The one exception; back to Hugh Grant and Phone Hacking

Although it is hard to see how Hugh Grant could ever be liable to pay costs to NGN of £10m or anything like it (after all, on a win, he would recover damages plus, in all likelihood, his costs up to the date when he should have accepted NGN’s Part 36 offer), he has a point in so far as he is saying that through a combination of his opponent’s open cheque book and its opportunistic use of Part 36, he has been deprived of the opportunity to prove his claims in court.

A solution might be this. Where the case is a group action with a public interest, (here, the most striking and well-known example being Alan Bates v the Post Office), there should be a rule change to suspend the operation of Part 36 in order to prevent claims being bought off, as Hugh Grant has suggested was the case in his action against NGN. Such a rule change would benefit claimants such as Hugh Grant and the hundreds of claimants who settled their privacy claims for fear of the costs consequences if they did not do so.

Should such a rule change be made, entities such as NGN, which, ‘in the public interest,’ have published articles about the private lives of celebrities such as Hugh Grant, could scarcely have any complaint. After all, if it was in the public interest to publish the articles, it must also be in the public interest if those same celebrities who wish to bring their claims to trial, can do so without fear of being on the wrong side of a potentially ruinous Part 36 offer.

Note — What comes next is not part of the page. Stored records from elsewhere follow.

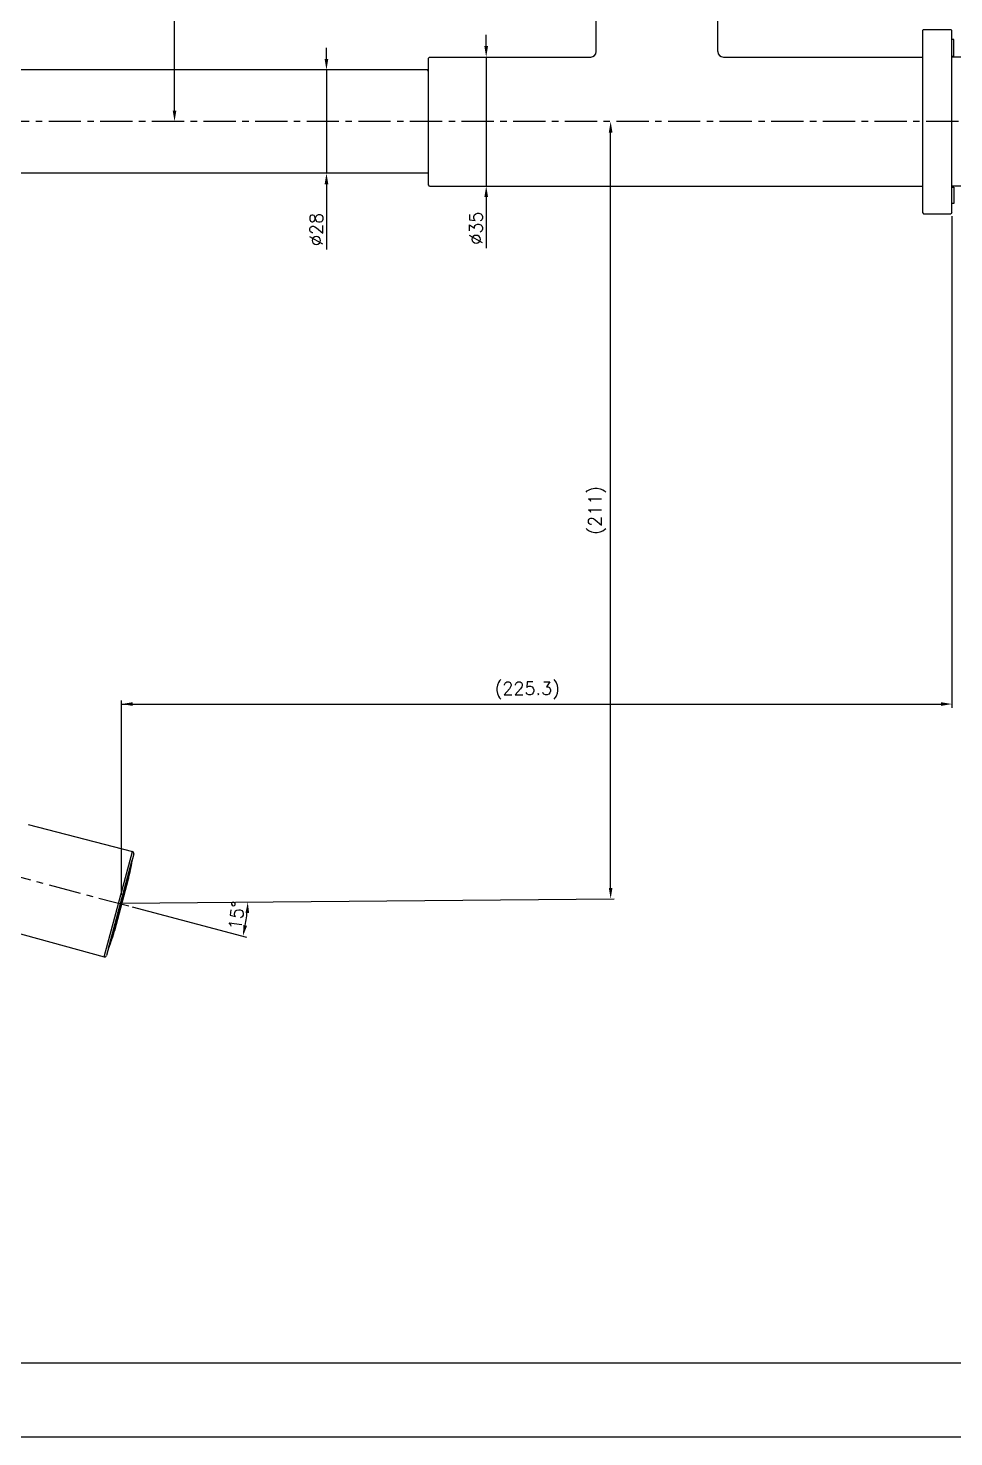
# Model space of a CAD drawing. Extents: x 26147 to 26988, y -4570 to -3976.
# Drawn here: x 26373 to 26624.1, y -4570.2 to -4188 of the extents above; entities that cross this region are included whole.
import ezdxf

# ---------------------------------------------------------------- set-up
doc = ezdxf.new("R2010")
doc.units = 0
doc.header["$LTSCALE"] = 7
doc.header["$MEASUREMENT"] = 0
doc.linetypes.add('CENTER', pattern=[2, 1.25, -0.25, 0.25, -0.25])
doc.layers.get('0').update_dxf_attribs({"color": 2, "linetype": 'CONTINUOUS'})
for name, color, linetype in [('BODY_R3_211213SHAPE', 7, 'CONTINUOUS'), ('CL', 1, 'CENTER'), ('DIM', 2, 'CONTINUOUS'), ('DWG', 7, 'CONTINUOUS'), ('J03-1-0_37_1DXF_CONTINUOUS_LINE', 7, 'CONTINUOUS'), ('J03-3-0_53_1DXF_CONTINUOUS_LINE', 7, 'CONTINUOUS'), ('PRT0007_DXF_CONTINUOUS_LINE', 7, 'CONTINUOUS'), ('TXT', 4, 'CONTINUOUS')]:
    doc.layers.add(name, color=color, linetype=linetype)
doc.styles.add('GHS', font='romans', dxfattribs={"bigfont": 'ghs'})

# ---------------------------------------------------------------- blocks, each defined once
blk = doc.blocks.new('BORDER')
blk.add_line((0, 0), (1, 0))

msp = doc.modelspace()

# ---------------------------------------------------------------- linework, layer by layer
at = {"layer": 'BODY_R3_211213SHAPE', "color": 7, "linetype": 'Continuous'}
for p, q in [((26527.1, -4194.33), (26527.1, -4169.03)), ((26560.1, -4194.33), (26560.1, -4169.03)), ((26615.6, -4188.63), (26615.6, -4238.03)), ((26481.6, -4196.13), (26481.9, -4195.83)), ((26481.9, -4195.83), (26525.6, -4195.83)), ((26561.6, -4195.83), (26615.6, -4195.83)), ((26481.9, -4230.83), (26481.6, -4230.53)), ((26481.9, -4230.83), (26615.6, -4230.83))]:
    msp.add_line(p, q, dxfattribs=at)
for centre, start, end in [((26525.6, -4194.33), 270, 0), ((26561.6, -4194.33), 180, 270)]:
    msp.add_arc(centre, 1.5, start, end, dxfattribs=at)
at = {"layer": 'CL'}
msp.add_line((26877.33, -4213.33), (26304.1, -4213.33), dxfattribs=at)
at = {"layer": 'CL', "linetype": 'CENTER'}
msp.add_line((26311.04, -4402.44), (26400.29, -4426.15), dxfattribs=at)
at = {"layer": 'DIM', "ltscale": 0.6}
for p, q in [((26412.72, -4210.33), (26412.72, -4146.03)), ((26497.26, -4192.83), (26497.26, -4189.83)), ((26453.93, -4196.33), (26453.93, -4193.33)), ((26497.26, -4195.83), (26497.26, -4230.83)), ((26453.93, -4199.33), (26453.93, -4227.33)), ((26531.01, -4421.26), (26531.01, -4216.33)), ((26453.93, -4230.33), (26453.93, -4248.02)), ((26497.26, -4233.83), (26497.26, -4247.67)), ((26623.6, -4239.03), (26623.6, -4372.38)), ((26398.36, -4423.26), (26398.36, -4370.38)), ((26398.36, -4371.38), (26620.6, -4371.38)), ((26398.43, -4425.4), (26532.01, -4424.26)), ((26401.26, -4426.41), (26432.22, -4434.63))]:
    msp.add_line(p, q, dxfattribs=at)
msp.add_arc((26393.19, -4424.26), 39.38, 349.4883, 355.6339, dxfattribs=at)
for points in [[(26496.76, -4192.83), (26497.76, -4192.83), (26497.26, -4195.83)], [(26453.43, -4196.33), (26454.43, -4196.33), (26453.93, -4199.33)], [(26412.22, -4210.33), (26413.22, -4210.33), (26412.72, -4213.33)], [(26530.51, -4216.33), (26531.51, -4216.33), (26531.01, -4213.33)], [(26453.43, -4230.33), (26454.43, -4230.33), (26453.93, -4227.33)], [(26496.76, -4233.83), (26497.76, -4233.83), (26497.26, -4230.83)], [(26401.36, -4370.88), (26401.36, -4371.88), (26398.36, -4371.38)], [(26620.6, -4370.88), (26620.6, -4371.88), (26623.6, -4371.38)], [(26530.51, -4421.26), (26531.51, -4421.26), (26531.01, -4424.26)], [(26431.97, -4428.09), (26432.96, -4428.12), (26432.58, -4425.11)], [(26432.4, -4431.56), (26431.42, -4431.34), (26431.25, -4434.37)]]:
    msp.add_solid(points, dxfattribs=at)
at = {"layer": 'DWG'}
for p, q in [((26615.6, -4188.63), (26615.9, -4188.33)), ((26615.9, -4188.33), (26623.3, -4188.33)), ((26623.6, -4188.63), (26623.3, -4188.33)), ((26623.6, -4238.03), (26623.6, -4188.63)), ((26624.1, -4191.08), (26623.6, -4191.08)), ((26624.1, -4195.58), (26624.1, -4191.08)), ((26481.6, -4230.53), (26481.6, -4196.13)), ((26623.6, -4195.58), (26624.1, -4195.58)), ((26623.6, -4195.58), (26623.6, -4195.83)), ((26631.02, -4195.83), (26623.6, -4195.83)), ((26481.6, -4199.63), (26481.3, -4199.33)), ((26481.6, -4227.03), (26481.3, -4227.33)), ((26631.02, -4230.83), (26623.6, -4230.83)), ((26623.6, -4231.08), (26623.6, -4230.83)), ((26623.6, -4231.08), (26624.1, -4231.08)), ((26624.1, -4231.08), (26624.1, -4235.58)), ((26615.6, -4238.03), (26615.9, -4238.33)), ((26615.9, -4238.33), (26623.3, -4238.33)), ((26623.6, -4238.03), (26623.3, -4238.33)), ((26624.1, -4235.58), (26623.57, -4235.58))]:
    msp.add_line(p, q, dxfattribs=at)
at = {"layer": 'DWG', "color": 2, "linetype": 'Continuous'}
msp.add_line((26624.06, -4195.58), (26624.1, -4195.54), dxfattribs=at)
at = {"layer": 'J03-1-0_37_1DXF_CONTINUOUS_LINE', "color": 7, "linetype": 'Continuous'}
for p, q in [((26373.02, -4404.05), (26401.3, -4411.39)), ((26393.64, -4439.98), (26401.3, -4411.39)), ((26401.65, -4412.01), (26394.25, -4439.63)), ((26307.85, -4416.27), (26393.64, -4439.98))]:
    msp.add_line(p, q, dxfattribs=at)
for centre, start, end in [((26401.17, -4411.88), 345, 75.4456), ((26393.77, -4439.5), 254.5544, 345)]:
    msp.add_arc(centre, 0.5, start, end, dxfattribs=at)
at = {"layer": 'J03-3-0_53_1DXF_CONTINUOUS_LINE', "color": 7, "linetype": 'Continuous'}
for p, q in [((26398.72, -4423.1), (26401.15, -4414.03)), ((26401.01, -4414.79), (26401.06, -4414.6)), ((26401.02, -4414.71), (26401.03, -4414.67)), ((26401.02, -4414.73), (26401.02, -4414.71)), ((26401.03, -4414.67), (26401.04, -4414.6)), ((26401.04, -4414.6), (26401.06, -4414.51)), ((26401.06, -4414.51), (26401.08, -4414.41)), ((26401.08, -4414.41), (26401.1, -4414.3)), ((26401.1, -4414.3), (26401.15, -4414.03)), ((26399.69, -4420.21), (26400.16, -4418.46)), ((26400.1, -4418.35), (26400.12, -4418.28)), ((26400.11, -4418.3), (26400.1, -4418.34)), ((26400.11, -4418.31), (26400.11, -4418.3)), ((26400.12, -4418.28), (26400.14, -4418.22)), ((26400.14, -4418.22), (26400.15, -4418.16)), ((26400.16, -4418.48), (26400.17, -4418.47)), ((26400.18, -4418.57), (26400.19, -4418.51)), ((26400.19, -4418.36), (26400.19, -4418.35)), ((26400.19, -4418.51), (26400.2, -4418.44)), ((26400.2, -4418.44), (26400.22, -4418.34)), ((26400.22, -4418.34), (26400.24, -4418.25)), ((26400.24, -4418.25), (26400.26, -4418.15)), ((26400.25, -4418.17), (26400.25, -4418.2)), ((26400.25, -4418.2), (26400.25, -4418.21)), ((26400.26, -4418.15), (26400.28, -4418.04)), ((26400.28, -4418.04), (26400.31, -4417.91)), ((26400.31, -4417.9), (26400.88, -4415.76)), ((26400.31, -4417.91), (26400.34, -4417.77)), ((26400.34, -4417.73), (26400.33, -4417.78)), ((26400.33, -4417.78), (26400.33, -4417.82)), ((26400.34, -4417.77), (26400.37, -4417.61)), ((26400.36, -4417.64), (26400.34, -4417.73)), ((26400.65, -4416.65), (26400.35, -4418.09)), ((26400.37, -4417.61), (26400.4, -4417.44)), ((26400.4, -4417.44), (26400.43, -4417.32)), ((26400.43, -4417.32), (26400.46, -4417.19)), ((26400.46, -4417.19), (26400.49, -4417.06)), ((26400.49, -4417.06), (26400.52, -4416.92)), ((26400.52, -4416.92), (26400.55, -4416.77)), ((26400.55, -4416.77), (26400.58, -4416.63)), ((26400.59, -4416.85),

Such a rule change would address the situation in which Hugh Grant might have found himself, had he won damages at trial, only to find that the sum awarded to him by Mr Justice Fancourt, had been pipped by a pound under Part 36, leaving him as the winner of the case but as the net loser of the costs. An amendment permitting the court to suspend Part 36 in public interest cases would bring about a rebalancing of the rule to a situation where it works as intended, and not as a vehicle for a defendant with a deep pocket to make use of, in order to prevent claims to which there may be no defence, from being tried in open court.